No, ya sé que no te has olvidado por completo. Porque más de una vez, entre actividad y actividad te llega la imagen de este/a querido/a amigo/a y te estremeces. Tal vez cuando vas en el coche o cuando estás en la ducha o cuando intentas conciliar el sueño te acuerdas y dices: De mañana no pasa que le llame a ver cómo está.

Y aún así no llega ese mañana. ¿Por qué? ¿Porque eres mala persona? ¿Porque en realidad no quieres tanto a este/a amigo/a como pensabas? 

¡De ninguna manera! Es mucho más posible que NO SEPAS cómo gestionar las emociones que te produce esta nueva situación. Sabemos cómo celebrar un feliz cumpleaños, una boda o un nacimiento. Pero ante cualquier experiencia que amenace con la muerte –en cualquiera de sus presentaciones– nuestra sociedad occidental brilla por su analfabetismo emocional.

¿Qué decir a ese/a amigo/a enfermo/a? ¿Cómo consolar a quien atraviesa un proceso de duelo? 

Para estas preguntas tampoco hay respuestas prefabricadas. Cada situación es única y cada relación humana es particular. Pero rara vez me parece buena idea convencerse de que esa persona prefiere que no se le llame, que no se le pregunte cómo está o qué necesita y mucho menos cuando no lo ha pedido de manera explícita.

La tendencia es a alejarse, a cuidar no al amigo sino a los propios temores. 
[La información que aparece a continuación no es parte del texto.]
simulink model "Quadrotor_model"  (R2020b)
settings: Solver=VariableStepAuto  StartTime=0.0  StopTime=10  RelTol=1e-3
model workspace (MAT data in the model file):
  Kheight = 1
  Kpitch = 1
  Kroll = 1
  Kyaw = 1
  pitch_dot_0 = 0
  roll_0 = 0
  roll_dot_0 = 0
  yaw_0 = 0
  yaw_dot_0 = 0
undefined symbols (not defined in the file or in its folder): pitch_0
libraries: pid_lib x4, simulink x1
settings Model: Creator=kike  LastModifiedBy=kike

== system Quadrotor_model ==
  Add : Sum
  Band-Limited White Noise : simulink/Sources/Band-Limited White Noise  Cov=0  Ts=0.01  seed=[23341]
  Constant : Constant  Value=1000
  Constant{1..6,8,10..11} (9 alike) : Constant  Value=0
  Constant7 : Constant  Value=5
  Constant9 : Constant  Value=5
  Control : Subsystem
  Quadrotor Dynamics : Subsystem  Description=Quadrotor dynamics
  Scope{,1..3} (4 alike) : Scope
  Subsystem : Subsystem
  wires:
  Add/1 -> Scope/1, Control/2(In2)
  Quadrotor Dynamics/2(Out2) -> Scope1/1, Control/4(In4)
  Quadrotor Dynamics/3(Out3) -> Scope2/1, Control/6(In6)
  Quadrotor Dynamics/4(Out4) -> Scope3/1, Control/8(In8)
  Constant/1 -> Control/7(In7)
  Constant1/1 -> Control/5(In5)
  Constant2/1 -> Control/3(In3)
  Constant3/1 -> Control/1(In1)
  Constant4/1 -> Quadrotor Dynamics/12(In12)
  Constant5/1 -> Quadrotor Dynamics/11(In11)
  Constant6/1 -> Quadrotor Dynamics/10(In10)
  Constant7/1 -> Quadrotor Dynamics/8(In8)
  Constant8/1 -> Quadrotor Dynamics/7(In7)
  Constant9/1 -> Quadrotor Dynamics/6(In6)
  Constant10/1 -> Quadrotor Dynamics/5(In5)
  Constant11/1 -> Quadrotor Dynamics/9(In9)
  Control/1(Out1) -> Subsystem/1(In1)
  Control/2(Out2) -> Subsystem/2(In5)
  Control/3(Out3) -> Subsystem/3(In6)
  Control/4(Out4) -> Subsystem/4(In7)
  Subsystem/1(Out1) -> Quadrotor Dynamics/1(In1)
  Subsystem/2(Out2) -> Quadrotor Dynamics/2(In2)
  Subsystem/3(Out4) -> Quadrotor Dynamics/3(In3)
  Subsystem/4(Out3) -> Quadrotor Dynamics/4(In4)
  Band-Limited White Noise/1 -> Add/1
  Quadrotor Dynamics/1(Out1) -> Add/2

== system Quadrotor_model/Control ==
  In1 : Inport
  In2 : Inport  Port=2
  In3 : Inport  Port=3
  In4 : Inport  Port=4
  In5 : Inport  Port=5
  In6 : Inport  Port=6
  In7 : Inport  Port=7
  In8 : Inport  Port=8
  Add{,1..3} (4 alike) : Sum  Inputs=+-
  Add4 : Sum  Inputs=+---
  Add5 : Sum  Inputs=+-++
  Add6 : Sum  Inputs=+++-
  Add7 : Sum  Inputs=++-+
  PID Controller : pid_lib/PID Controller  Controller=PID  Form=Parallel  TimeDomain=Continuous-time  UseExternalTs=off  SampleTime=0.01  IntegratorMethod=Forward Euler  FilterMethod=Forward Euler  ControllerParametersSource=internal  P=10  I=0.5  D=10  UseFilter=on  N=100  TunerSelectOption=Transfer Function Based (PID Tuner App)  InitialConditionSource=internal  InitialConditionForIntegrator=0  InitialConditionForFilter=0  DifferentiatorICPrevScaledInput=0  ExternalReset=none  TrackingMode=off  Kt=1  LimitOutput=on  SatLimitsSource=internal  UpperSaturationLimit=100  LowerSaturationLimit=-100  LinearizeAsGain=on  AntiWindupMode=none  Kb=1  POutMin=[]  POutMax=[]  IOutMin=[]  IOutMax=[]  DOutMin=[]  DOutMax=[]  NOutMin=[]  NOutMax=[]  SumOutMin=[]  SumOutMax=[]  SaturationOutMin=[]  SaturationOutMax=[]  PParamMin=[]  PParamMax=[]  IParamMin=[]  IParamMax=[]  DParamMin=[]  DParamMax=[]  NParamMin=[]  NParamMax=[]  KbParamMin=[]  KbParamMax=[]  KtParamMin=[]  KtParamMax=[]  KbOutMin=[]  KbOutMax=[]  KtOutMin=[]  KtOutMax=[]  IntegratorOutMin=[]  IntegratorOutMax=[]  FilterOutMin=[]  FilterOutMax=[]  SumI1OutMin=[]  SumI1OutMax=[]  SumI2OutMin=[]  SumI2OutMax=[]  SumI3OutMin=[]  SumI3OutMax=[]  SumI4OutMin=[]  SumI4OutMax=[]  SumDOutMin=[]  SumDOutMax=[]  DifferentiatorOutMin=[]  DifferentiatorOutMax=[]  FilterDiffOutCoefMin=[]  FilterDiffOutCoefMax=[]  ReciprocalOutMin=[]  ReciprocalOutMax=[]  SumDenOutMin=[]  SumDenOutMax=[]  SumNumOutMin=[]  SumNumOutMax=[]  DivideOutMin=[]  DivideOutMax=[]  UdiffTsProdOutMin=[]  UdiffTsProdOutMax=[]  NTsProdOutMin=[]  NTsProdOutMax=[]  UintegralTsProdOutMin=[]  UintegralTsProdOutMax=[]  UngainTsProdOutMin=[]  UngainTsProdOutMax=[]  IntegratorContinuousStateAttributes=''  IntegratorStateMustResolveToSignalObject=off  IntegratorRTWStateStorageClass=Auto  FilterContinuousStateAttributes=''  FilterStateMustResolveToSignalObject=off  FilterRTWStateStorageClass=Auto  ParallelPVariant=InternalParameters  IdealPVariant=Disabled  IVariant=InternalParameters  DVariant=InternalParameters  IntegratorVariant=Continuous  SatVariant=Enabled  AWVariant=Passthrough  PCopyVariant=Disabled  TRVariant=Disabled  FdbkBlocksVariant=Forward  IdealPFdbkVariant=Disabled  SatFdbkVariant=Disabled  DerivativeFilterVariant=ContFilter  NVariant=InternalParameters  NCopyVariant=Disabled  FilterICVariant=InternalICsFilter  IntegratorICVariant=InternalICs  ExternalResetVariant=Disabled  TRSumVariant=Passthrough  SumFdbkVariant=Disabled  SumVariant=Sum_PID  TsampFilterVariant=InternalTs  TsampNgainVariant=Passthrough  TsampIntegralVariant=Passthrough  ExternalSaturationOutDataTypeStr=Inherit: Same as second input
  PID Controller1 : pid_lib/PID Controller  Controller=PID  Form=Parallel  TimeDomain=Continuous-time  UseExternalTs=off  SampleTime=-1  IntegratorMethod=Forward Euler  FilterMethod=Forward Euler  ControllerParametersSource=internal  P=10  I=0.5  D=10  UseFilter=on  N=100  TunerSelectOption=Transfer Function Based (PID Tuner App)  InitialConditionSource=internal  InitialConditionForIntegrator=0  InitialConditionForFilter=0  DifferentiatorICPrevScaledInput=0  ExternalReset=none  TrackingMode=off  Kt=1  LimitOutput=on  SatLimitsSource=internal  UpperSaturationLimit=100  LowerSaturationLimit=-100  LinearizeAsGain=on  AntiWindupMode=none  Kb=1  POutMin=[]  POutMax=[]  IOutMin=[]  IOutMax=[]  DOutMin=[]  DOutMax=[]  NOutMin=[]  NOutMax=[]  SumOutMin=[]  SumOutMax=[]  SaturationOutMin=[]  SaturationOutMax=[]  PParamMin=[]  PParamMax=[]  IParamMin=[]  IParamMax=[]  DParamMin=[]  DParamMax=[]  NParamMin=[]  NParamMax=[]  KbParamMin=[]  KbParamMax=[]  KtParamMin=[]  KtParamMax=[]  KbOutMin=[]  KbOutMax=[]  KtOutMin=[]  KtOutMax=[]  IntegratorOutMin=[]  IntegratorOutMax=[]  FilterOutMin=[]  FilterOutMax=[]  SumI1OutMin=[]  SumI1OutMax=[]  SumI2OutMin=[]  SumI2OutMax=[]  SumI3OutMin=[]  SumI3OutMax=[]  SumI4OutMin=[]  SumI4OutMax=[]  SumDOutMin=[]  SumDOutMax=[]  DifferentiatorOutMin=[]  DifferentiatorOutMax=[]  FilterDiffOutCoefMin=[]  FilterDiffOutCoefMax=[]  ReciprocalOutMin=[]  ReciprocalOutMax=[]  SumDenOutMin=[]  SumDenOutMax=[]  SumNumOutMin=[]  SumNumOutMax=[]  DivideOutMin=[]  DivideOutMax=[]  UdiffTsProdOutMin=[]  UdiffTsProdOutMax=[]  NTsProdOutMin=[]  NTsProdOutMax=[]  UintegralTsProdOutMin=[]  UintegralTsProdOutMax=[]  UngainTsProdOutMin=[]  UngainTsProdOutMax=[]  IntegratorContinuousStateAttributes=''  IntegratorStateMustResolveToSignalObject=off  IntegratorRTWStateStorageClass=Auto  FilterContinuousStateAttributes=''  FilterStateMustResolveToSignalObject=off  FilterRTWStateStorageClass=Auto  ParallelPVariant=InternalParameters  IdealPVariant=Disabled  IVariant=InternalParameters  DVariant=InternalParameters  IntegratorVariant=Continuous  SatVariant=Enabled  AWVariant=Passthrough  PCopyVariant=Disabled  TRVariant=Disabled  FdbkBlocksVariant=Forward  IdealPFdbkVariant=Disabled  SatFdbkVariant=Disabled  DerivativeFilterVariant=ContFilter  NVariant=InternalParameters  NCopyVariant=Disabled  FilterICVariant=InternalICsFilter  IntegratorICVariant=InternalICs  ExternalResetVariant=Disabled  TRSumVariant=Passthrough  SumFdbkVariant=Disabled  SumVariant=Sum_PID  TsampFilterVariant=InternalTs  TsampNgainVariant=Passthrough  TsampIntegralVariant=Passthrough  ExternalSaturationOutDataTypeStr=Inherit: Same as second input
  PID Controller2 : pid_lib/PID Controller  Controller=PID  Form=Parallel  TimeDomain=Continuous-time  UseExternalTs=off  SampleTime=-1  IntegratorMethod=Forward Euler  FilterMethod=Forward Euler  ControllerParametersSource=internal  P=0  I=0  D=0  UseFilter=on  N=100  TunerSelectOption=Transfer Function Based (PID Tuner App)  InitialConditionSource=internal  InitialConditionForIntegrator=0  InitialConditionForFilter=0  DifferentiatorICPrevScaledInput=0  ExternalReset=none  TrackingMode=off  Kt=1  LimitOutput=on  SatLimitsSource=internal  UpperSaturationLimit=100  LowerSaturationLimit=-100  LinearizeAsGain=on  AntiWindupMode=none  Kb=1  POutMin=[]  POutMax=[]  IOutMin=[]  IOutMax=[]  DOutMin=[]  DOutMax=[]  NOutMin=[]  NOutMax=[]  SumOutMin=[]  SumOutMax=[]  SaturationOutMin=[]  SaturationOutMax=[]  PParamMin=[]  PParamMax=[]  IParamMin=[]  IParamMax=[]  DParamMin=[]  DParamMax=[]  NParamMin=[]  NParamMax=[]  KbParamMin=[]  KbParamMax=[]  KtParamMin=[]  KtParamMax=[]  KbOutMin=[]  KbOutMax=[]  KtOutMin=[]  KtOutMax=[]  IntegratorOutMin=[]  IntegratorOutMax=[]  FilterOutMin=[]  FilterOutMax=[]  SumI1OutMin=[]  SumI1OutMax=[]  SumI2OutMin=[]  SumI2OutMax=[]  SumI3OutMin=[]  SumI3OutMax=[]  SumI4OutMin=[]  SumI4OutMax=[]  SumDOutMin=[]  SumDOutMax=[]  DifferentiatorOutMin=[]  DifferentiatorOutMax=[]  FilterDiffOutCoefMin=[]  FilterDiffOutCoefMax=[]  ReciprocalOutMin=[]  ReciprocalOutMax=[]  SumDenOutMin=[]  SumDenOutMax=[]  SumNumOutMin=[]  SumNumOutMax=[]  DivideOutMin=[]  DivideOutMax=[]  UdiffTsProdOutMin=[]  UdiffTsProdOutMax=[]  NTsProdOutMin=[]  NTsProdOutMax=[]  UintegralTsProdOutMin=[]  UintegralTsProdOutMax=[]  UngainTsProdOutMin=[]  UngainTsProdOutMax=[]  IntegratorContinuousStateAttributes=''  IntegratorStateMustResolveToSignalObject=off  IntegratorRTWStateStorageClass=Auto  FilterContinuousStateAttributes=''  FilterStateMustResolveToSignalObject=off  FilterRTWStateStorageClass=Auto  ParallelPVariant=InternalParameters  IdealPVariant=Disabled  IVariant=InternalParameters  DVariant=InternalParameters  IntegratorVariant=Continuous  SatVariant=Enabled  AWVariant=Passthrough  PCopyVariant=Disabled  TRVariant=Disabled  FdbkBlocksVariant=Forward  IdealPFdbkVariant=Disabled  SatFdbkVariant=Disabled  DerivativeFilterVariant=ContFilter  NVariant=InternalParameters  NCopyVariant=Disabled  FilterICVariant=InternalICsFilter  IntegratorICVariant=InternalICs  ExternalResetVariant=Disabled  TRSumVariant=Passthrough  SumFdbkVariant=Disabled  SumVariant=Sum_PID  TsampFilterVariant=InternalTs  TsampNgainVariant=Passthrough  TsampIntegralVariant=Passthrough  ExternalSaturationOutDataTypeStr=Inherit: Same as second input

Las defensas salen a proteger la ilusión de inmortalidad, de inmunidad, de control absoluto. El carácter se sitúa en primera fila y aporta todas las excusas necesarias para no tomar contacto. Pero aún así, de vez en cuando queda una rendija abierta que deja entrever el propio malestar ante el sufrimiento de quien queremos o de su posible pérdida.

Respuestas no hay, fórmulas tampoco. Pero intuyo que todo es más simple de lo que parece. Si pudimos pasar tanto tiempo riendo, conversando, creciendo juntos, también podríamos llorar, permanecer a su lado en silencio, apoyar… si la coraza no lo impidiera, claro está (Ver: La Coraza Caracterial y Muscular).

Negar la situación sólo aporta un alivio momentáneo. Pretender animar y animarse diciendo que no será para tanto o dedicándose a dar discursos sobre dietas y formas de vida nuevas, sólo ayudará a renunciar a la oportunidad de compartir el mucho o poco tiempo que quede.

Sinceridad parece ser mejor idea. Presencia una manera de aprender juntos a vivir lo que los nuevos acontecimientos traen. 

Compartir temores, crear actividades lúdicas que alivien los dolores, disfrutar del contacto emocional y corporal tiene más sentido y se parece más a la amistad y al amor. Estar presentes en la enfermedad o en la inminente posibilidad de muerte del/la amigo/a, así  como en los diferentes cambios que vienen en forma de tragedia o drama, es tan valioso como haber compartido los mejores momentos.

Que los miedos no te roben la oportunidad de abrazar a tus amigos en los momentos en que más te necesitan

Un comentario en “En las Buenas y… en las Malas

  1. My acertado el término “analfabetismo emocional”. Yo a menudo siento la falta de práctica a la hora de expresar lo importante, lo que sientes con intensidad con esa persona, sea agradecimiento, enfado, amor…Una cosa que me funciona es pararme a sentir lo que siento y respirarlo. Otra, cultivar la confianza de que la vida va a propiciar ese encuantro para poder expresar lo sentido. Otra, decidirme a llamarla por teléfono e intentar expresar lo que siento…es en el uso, en la práctica, donde se aprende.

Y tú... ¿Qué piensas?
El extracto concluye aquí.